Das Oderland im Mittelalter war also sehr dynamisch, allerdings lässt sich von einer dauerhaften Odergrenze nicht sprechen. In den Wirren der damaligen Zeit bildete sie allerdings als einzige ein tatsächlich militärisches Hindernis.
Im Jahre 1335 befand sich die gesamte Oder unter der Herrschaft des Heiligen Römischen Reiches. Dennoch forderten die Territorialstaaten an der Oder wie auch die mächtigen Hansestädte ihr Recht unter Hinweis auf besondere Abschnitte des Stroms.
Als die Hohenzollern 1701 das Königreich in Preußen ausriefen, deren Kernland die Mark Brandenburg war, und ihr 1720 auch Stettin und die Inseln Usedom und Wollin einverleibten, befand sich die mittlere und untere Oder im Zentrum eines Raumes, in dem ein einheitliches Rechtssystem herrschte. Im Jahre 1740 wurde es um Schlesien erweitert, nach der ersten polniscen Teilung sogar um das nahezu gesamte Oderland.
Dennoch war im 19. Jahrhundert in Polen die Vorstellung weit verbreitet, dass die Oder die ursprüngliche deutsch-slawische Grenze markiert. Unter dem Eintrag "Oder" notierte Bronisław Gustawicz 1886 im bereits in Vergessenheit geratenen Geografischen Wörterbuch des Königreichs Polen und anderer slawischer Länder: "Das linke Ufer der Oder bildete das 'deutsche Ufer', während das rechte polnisch blieb."
Und in Deutschland? Über die Oder als ethnisches Grenzland spricht bereits Theodor Fontane in seiner Erzählung Vor dem Sturm. Das Buch wurde 1878 herausgegeben, seine Handlung ist in den Jahren 1812 und 1813 im Interner Link: Oderbruch angesiedelt.
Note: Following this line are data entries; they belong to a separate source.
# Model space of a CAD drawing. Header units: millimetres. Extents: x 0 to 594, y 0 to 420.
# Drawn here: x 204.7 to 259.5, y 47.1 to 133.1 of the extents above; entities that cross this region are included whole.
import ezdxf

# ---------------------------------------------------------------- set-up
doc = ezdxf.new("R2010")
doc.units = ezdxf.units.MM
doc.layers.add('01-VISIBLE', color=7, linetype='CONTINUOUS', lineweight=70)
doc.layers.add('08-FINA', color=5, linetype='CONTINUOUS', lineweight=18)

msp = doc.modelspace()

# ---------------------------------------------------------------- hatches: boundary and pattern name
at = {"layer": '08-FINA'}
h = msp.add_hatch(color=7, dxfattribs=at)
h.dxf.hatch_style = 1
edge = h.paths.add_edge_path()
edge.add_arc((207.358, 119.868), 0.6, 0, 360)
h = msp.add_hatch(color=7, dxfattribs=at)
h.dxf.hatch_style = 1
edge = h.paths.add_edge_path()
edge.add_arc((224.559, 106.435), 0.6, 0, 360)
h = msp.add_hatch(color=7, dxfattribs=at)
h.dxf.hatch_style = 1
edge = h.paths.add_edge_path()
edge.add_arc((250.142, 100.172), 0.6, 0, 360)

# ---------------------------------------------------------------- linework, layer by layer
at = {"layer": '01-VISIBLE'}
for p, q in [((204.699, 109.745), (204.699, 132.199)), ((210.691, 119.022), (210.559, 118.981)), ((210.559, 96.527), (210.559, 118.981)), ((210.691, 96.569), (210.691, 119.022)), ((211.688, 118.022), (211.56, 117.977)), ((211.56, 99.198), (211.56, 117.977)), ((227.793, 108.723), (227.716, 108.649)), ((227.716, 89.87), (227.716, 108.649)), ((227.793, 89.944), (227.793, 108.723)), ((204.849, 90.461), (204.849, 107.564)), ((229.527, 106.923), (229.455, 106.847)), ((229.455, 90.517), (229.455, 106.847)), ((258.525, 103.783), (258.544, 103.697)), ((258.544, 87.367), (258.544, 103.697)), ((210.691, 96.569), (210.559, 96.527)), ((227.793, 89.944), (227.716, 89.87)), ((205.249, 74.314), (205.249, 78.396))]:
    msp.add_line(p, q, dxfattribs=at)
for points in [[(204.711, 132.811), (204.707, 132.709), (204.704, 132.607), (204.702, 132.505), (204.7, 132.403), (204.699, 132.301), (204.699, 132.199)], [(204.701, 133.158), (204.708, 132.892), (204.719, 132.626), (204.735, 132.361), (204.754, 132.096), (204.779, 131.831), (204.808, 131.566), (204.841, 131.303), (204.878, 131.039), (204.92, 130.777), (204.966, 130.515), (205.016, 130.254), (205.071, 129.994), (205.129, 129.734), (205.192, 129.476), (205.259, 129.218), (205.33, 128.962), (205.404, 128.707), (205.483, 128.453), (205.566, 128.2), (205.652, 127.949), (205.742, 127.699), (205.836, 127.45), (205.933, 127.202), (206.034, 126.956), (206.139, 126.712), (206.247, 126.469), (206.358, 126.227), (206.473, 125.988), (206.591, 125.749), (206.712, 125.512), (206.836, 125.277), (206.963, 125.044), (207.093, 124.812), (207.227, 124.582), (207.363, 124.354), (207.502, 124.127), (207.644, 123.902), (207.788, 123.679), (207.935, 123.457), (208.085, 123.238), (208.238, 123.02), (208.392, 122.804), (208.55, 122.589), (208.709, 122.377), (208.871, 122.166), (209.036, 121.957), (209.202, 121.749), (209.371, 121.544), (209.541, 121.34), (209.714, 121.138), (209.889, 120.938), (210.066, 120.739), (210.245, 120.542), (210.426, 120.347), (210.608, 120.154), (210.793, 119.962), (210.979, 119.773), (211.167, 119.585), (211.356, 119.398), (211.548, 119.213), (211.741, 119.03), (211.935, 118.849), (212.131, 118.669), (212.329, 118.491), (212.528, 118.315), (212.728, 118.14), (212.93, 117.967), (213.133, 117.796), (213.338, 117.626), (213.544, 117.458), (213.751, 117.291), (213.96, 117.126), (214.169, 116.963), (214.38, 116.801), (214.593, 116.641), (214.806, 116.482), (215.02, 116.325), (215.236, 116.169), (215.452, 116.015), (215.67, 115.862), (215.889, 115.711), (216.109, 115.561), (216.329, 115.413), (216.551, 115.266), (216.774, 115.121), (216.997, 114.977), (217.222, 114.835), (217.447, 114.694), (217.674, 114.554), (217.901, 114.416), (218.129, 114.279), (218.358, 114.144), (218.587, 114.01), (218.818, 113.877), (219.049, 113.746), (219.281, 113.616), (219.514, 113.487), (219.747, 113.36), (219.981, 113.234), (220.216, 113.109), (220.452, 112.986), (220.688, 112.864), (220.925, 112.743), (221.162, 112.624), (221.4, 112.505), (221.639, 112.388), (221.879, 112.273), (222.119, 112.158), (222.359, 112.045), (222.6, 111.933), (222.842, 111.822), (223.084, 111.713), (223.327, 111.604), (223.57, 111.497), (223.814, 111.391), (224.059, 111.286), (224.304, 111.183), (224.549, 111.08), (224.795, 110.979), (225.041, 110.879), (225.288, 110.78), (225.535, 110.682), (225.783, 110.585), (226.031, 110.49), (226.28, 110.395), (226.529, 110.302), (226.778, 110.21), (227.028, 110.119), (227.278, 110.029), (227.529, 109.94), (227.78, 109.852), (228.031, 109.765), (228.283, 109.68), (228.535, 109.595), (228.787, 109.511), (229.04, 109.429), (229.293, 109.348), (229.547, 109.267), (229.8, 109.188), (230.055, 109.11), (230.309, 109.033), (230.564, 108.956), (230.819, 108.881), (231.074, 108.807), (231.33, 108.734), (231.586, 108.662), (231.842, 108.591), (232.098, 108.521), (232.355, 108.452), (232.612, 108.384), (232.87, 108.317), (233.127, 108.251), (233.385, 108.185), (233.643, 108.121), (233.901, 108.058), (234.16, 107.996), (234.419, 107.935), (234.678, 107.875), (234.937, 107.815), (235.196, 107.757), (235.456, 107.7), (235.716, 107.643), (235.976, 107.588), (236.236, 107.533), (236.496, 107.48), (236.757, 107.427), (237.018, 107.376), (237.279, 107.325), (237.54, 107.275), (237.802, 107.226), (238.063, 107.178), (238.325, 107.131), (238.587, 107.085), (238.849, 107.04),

Im Mittelpunkt steht der Streit zweier Freunde und erbitterter Gegner: der Handelsrat Turgany aus Frankfurt (Oder) und der Pastor Seidentopf aus der fiktiven Ortschaft Hohen Vietz. Der Pastor besteht darauf, dass schon früher auf beiden Seiten der Oder Deutsche verschiedener Stämme gelebt haben, hingegen behauptet Turgany, dass die Oder schon immer ein Grenzfluss war, die Deutschen lebten am linken Ufer, die Slawen am rechten.
Im Mittelalter bildete das slawische Interner Link: Oderland tatsächlich ein kulturelles Grenzland, ein Gebiet slawisch-deutscher Koexistenz. Mit der Zeit allerdings verschwand das Slawentum unter dem Einfluss des Reiches sowie der deutschen Bewohner- und Handwerkerschaft. Hingegen blieb das schlesische Oderland lange Zeit ein gemeinsames deutsch-polnisches Siedlungsgebiet. Julius Roger (1819-1865), ein deutscher Ethnologe, der von Ulm nach Schlesien gezogen war und die polnische Sprache beherrschte, schrieb im Vorwort seines Buches Polnische Volkslieder in Oberschlesien (Breslau 1863), dass die Polen die Dörfer des preußischen Schlesien auf beiden Seiten der Oder besiedeln.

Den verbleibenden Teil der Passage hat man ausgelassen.